Dans toutes les mains, dans toutes les poches, les smartphones précipitent notre immersion dans l’ère numérique, à l’instar de la numérisation forcenée des services ou de la crise sanitaire. Les smartphones ou le symbole de notre complicité à la révolution technologique, l’interface entre l’humain et l’information personnalisée, décontextualisée, géolocalisée, consommée. Au-delà d’un usage passif, ces extensions quasi cronenbergiennes du corps humain sont le vecteur pour tout à chacun du partage d’informations (photos, vidéos, sons) que l’on jugera bon de jeter en pâture à la face du monde, qu’il s’agisse d’un chaton trop kawaï ou d’images d’exactions militaires.

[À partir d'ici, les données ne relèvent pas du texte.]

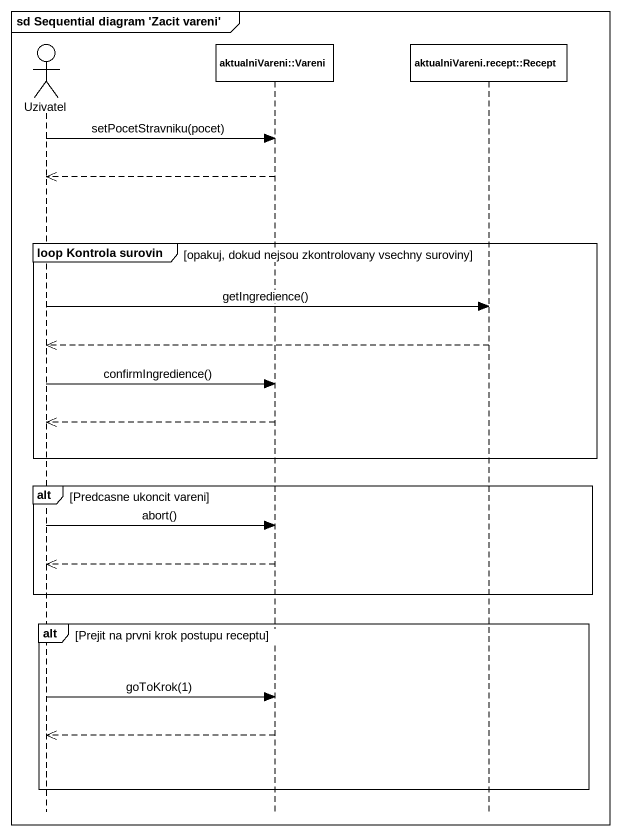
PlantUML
@startuml
mainframe sd Sequential diagram 'Zacit vareni'
hide footbox
actor Uzivatel
participant "aktualniVareni::Vareni" as aktualniVareni_Vareni
participant "aktualniVareni.recept::Recept" as aktualniVareni_recept_Recept

Uzivatel -> aktualniVareni_Vareni : setPocetStravniku(pocet)
aktualniVareni_Vareni -->> Uzivatel
group loop Kontrola surovin [opakuj, dokud nejsou zkontrolovany vsechny suroviny]
  Uzivatel -> aktualniVareni_recept_Recept : getIngredience()
  aktualniVareni_recept_Recept -->> Uzivatel
  Uzivatel -> aktualniVareni_Vareni : confirmIngredience()
  aktualniVareni_Vareni -->> Uzivatel
end
alt Predcasne ukoncit vareni
  Uzivatel -> aktualniVareni_Vareni : abort()
  aktualniVareni_Vareni -->> Uzivatel
end
alt Prejit na prvni krok postupu receptu
  Uzivatel -> aktualniVareni_Vareni : goToKrok(1)
  aktualniVareni_Vareni -->> Uzivatel
end
@enduml

De cette orgie de pixels, des enquêteurs, des chercheurs, des journalistes ou même des citoyens effectuent un devoir logique de filtrage, de vérification, de hiérarchisation, d’attention à certaines informations qui risqueraient d’être noyées dans la masse. Leurs remises en contexte et autres commentaires éclairés sont plus que jamais essentiels pour mettre en valeur une partie de ces informations, dont le mode de diffusion amoindrit la puissance d’impact, ou a contrario, essentiels pour démonter certaines autres infos placées en tête de gondole par les algorithmes opaques du net. Encore une fois, il s’agit de prendre le temps de s’extraire du flux, de réfléchir, de ralentir, alors que l’ensemble de la culture technologique élève la rapidité en vertu.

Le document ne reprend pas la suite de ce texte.